Saved entries -
[Start of section]

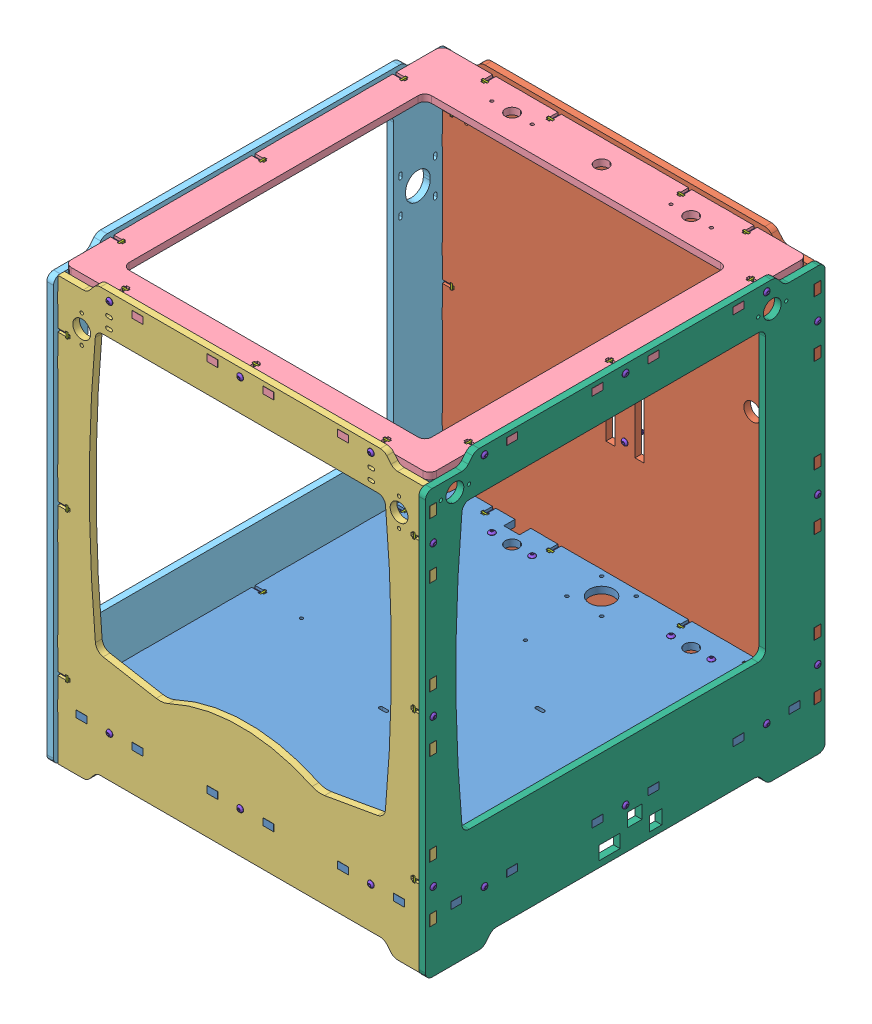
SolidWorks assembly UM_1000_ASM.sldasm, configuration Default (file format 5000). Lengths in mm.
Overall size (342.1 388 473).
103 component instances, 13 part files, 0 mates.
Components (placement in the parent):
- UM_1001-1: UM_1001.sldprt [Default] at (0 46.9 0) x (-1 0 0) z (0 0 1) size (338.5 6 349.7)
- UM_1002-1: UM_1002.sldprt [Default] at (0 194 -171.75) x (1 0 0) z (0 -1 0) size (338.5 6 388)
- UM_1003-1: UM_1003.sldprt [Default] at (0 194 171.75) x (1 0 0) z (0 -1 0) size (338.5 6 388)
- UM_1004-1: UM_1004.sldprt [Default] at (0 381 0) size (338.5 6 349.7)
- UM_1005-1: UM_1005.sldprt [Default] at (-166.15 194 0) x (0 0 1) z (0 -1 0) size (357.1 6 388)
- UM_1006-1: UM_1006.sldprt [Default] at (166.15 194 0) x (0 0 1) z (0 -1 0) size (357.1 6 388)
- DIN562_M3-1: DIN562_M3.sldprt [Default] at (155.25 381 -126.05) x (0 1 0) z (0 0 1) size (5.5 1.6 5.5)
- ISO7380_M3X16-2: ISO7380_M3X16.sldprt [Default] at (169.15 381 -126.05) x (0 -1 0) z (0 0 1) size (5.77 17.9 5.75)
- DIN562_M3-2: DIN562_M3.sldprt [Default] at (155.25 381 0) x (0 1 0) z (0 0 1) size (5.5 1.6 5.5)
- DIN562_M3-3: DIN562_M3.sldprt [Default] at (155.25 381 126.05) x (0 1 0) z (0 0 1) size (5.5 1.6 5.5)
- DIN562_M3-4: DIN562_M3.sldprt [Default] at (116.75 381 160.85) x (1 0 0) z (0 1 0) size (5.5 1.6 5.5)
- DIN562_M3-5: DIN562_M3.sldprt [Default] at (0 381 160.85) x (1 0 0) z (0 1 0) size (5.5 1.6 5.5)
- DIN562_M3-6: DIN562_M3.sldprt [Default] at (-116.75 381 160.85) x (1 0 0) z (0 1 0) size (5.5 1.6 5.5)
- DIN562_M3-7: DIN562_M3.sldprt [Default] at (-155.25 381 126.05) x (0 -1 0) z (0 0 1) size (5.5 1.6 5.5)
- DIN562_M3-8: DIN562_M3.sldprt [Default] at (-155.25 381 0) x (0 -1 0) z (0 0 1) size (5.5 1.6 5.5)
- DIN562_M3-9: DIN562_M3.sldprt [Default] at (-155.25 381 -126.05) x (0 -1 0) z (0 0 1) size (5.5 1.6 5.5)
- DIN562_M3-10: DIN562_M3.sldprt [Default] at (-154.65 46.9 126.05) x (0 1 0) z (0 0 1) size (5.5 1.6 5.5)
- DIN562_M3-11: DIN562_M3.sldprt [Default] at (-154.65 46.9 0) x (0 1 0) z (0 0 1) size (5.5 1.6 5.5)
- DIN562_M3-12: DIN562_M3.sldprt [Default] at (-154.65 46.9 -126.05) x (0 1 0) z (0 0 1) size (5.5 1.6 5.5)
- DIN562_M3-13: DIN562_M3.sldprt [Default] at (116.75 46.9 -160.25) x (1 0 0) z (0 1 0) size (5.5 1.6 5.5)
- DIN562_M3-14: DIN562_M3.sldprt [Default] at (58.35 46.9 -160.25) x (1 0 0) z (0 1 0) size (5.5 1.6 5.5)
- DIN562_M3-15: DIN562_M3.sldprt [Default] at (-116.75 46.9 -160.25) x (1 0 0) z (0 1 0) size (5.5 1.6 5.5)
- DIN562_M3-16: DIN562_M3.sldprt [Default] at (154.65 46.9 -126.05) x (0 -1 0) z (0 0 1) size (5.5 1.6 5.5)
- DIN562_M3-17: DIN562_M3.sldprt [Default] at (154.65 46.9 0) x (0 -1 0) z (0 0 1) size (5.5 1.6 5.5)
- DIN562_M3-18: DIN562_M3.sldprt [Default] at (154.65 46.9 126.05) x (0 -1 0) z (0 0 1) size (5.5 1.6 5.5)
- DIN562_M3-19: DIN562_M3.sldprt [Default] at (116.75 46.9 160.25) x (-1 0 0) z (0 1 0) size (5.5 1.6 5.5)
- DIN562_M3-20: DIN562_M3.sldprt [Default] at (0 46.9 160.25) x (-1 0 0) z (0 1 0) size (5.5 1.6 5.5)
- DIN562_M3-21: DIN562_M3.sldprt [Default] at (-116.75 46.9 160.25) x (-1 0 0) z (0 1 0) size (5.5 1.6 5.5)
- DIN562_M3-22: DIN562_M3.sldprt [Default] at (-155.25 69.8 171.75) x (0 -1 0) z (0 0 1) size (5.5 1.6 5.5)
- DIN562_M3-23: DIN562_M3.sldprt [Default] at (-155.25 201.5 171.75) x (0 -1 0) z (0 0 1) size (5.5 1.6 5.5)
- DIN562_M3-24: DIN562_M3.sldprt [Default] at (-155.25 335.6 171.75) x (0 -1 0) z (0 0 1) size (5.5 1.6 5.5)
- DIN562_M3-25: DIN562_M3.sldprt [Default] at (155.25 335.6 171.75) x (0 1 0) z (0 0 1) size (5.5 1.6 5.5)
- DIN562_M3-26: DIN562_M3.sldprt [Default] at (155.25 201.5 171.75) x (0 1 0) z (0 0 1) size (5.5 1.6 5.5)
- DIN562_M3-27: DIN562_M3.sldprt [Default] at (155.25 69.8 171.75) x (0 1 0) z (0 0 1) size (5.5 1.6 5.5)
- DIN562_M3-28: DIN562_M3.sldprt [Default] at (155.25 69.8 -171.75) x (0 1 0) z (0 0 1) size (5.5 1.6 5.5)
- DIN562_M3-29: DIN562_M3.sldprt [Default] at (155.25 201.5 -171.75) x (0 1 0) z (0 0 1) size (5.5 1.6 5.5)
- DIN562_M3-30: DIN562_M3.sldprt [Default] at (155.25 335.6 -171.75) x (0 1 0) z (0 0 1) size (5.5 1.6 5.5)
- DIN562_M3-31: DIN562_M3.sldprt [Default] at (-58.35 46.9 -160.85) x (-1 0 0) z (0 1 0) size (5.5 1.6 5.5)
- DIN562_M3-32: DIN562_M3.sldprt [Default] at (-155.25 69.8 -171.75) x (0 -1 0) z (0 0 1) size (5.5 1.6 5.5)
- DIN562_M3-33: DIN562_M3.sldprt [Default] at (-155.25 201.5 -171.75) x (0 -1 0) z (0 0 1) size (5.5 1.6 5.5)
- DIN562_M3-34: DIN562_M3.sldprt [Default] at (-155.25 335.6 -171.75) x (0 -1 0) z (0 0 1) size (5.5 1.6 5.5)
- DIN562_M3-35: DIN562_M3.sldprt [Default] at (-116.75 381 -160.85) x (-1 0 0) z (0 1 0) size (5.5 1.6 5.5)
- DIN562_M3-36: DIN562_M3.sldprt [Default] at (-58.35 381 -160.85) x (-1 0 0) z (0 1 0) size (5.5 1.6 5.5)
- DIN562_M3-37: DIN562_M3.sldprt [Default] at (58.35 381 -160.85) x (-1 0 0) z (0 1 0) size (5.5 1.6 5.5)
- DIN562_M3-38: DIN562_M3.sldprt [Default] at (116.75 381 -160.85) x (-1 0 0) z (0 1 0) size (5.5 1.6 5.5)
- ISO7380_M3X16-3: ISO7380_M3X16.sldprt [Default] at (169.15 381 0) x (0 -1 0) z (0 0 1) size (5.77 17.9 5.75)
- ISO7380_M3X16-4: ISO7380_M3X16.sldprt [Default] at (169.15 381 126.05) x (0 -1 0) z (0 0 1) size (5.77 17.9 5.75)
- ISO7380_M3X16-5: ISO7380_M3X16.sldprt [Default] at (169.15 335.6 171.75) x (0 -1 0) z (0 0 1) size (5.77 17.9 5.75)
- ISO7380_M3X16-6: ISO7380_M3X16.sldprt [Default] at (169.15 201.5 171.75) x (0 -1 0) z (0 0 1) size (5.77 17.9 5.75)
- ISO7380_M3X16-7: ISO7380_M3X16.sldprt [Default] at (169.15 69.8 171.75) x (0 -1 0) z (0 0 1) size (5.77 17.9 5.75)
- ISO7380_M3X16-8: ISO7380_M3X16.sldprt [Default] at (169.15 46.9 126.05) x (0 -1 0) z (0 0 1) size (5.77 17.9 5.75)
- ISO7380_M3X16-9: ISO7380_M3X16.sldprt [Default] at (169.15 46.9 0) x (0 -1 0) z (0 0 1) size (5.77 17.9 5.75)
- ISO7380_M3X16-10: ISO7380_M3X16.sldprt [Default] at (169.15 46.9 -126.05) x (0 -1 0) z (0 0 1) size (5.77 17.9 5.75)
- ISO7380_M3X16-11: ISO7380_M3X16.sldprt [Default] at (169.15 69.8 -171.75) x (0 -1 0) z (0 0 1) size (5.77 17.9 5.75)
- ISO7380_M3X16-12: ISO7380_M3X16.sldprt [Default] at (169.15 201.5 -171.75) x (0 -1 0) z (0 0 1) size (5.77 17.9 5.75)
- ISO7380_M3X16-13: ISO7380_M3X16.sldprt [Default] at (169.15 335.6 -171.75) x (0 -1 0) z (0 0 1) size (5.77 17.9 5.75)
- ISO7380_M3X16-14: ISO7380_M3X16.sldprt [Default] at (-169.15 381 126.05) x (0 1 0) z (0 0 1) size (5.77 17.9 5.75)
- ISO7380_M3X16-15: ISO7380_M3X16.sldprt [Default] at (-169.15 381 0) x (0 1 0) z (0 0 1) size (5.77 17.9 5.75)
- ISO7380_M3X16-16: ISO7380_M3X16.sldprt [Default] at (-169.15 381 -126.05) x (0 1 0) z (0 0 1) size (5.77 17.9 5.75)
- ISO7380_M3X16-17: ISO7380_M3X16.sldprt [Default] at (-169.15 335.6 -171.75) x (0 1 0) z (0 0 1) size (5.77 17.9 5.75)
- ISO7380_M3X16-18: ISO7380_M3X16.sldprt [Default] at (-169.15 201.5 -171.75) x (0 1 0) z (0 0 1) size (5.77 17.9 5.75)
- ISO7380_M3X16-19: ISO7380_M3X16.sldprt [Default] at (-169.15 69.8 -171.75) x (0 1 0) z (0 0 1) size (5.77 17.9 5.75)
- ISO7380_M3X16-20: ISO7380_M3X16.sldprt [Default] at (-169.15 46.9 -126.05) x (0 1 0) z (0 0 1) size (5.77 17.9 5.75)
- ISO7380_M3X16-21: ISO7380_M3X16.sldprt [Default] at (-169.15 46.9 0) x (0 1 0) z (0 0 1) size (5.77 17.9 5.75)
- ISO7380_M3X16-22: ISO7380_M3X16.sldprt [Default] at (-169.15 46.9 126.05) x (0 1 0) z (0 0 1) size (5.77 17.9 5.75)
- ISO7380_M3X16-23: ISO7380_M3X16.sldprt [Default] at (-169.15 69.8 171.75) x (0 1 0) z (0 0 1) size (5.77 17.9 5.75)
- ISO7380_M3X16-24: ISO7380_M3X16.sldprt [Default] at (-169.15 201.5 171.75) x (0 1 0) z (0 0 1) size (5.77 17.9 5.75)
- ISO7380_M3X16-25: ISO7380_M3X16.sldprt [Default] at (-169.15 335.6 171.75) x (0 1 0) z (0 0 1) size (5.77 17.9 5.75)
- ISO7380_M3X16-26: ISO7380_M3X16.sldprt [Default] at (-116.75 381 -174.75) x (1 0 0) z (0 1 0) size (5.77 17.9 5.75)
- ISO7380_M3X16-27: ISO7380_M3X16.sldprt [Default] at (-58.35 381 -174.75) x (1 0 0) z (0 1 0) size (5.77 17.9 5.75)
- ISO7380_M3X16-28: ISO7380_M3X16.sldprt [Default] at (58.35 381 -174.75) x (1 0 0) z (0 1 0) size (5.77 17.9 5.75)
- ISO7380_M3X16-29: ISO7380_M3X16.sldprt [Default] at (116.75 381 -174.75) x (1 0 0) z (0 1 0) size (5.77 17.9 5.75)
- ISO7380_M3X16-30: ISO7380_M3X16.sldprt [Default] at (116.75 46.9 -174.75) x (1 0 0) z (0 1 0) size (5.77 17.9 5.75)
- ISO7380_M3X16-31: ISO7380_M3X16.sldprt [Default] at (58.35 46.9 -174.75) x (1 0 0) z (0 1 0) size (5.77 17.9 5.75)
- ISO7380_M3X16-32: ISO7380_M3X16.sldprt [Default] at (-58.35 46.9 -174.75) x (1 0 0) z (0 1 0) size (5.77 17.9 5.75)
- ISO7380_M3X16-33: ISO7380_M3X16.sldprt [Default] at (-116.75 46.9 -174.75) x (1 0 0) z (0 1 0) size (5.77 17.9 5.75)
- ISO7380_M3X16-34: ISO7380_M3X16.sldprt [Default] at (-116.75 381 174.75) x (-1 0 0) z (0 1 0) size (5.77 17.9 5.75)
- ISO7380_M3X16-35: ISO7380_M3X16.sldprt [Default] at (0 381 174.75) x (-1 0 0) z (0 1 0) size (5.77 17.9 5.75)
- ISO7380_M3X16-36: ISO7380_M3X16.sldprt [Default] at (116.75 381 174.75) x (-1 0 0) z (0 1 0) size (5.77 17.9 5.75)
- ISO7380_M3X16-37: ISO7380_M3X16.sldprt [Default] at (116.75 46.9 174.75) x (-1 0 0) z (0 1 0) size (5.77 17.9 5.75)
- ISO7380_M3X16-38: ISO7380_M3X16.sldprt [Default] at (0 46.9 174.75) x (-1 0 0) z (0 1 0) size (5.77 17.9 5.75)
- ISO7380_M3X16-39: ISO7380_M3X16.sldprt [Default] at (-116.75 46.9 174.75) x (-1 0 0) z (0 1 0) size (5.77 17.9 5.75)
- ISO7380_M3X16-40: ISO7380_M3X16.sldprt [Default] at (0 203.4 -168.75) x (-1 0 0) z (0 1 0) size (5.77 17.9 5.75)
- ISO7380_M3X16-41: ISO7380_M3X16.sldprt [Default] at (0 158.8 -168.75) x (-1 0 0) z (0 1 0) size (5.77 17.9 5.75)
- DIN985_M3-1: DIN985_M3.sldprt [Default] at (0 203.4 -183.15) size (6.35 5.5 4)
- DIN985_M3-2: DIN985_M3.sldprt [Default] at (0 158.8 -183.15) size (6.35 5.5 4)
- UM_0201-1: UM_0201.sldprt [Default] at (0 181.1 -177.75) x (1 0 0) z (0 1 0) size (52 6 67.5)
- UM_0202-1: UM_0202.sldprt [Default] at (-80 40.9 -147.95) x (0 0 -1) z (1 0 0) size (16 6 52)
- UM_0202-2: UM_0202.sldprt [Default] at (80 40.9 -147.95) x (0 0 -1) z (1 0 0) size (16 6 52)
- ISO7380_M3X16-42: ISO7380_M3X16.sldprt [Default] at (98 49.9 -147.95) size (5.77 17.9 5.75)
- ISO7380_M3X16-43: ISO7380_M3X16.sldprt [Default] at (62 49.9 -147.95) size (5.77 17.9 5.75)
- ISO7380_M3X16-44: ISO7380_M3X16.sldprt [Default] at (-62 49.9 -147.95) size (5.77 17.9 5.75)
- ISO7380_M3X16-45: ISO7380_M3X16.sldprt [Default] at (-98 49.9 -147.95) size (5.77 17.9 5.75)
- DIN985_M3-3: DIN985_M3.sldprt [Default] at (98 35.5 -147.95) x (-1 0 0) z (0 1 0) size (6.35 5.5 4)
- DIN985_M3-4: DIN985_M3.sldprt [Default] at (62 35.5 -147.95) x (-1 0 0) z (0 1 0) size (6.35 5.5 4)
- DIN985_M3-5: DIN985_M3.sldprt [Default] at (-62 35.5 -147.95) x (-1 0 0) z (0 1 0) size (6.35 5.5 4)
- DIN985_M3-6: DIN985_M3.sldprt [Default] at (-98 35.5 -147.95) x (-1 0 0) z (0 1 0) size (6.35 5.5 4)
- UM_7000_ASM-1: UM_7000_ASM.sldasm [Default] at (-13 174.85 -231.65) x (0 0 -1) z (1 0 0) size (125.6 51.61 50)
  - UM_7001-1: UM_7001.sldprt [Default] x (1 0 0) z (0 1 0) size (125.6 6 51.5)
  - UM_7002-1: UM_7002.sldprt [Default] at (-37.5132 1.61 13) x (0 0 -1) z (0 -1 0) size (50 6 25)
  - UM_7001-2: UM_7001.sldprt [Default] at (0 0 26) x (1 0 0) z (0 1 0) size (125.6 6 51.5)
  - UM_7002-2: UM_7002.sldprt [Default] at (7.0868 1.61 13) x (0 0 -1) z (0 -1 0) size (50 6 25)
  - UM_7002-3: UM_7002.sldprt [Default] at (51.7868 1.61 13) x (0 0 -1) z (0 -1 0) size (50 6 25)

[End of section]

Exercise aim - Exact repeat, pictures omitted: give every line from the top of the records down to and including the line with "- UM_1006-1: UM_1006.sldprt".

Response -
SolidWorks assembly UM_1000_ASM.sldasm, configuration Default (file format 5000). Lengths in mm.
Overall size (342.1 388 473).
103 component instances, 13 part files, 0 mates.
Components (placement in the parent):
- UM_1001-1: UM_1001.sldprt [Default] at (0 46.9 0) x (-1 0 0) z (0 0 1) size (338.5 6 349.7)
- UM_1002-1: UM_1002.sldprt [Default] at (0 194 -171.75) x (1 0 0) z (0 -1 0) size (338.5 6 388)
- UM_1003-1: UM_1003.sldprt [Default] at (0 194 171.75) x (1 0 0) z (0 -1 0) size (338.5 6 388)
- UM_1004-1: UM_1004.sldprt [Default] at (0 381 0) size (338.5 6 349.7)
- UM_1005-1: UM_1005.sldprt [Default] at (-166.15 194 0) x (0 0 1) z (0 -1 0) size (357.1 6 388)
- UM_1006-1: UM_1006.sldprt [Default] at (166.15 194 0) x (0 0 1) z (0 -1 0) size (357.1 6 388)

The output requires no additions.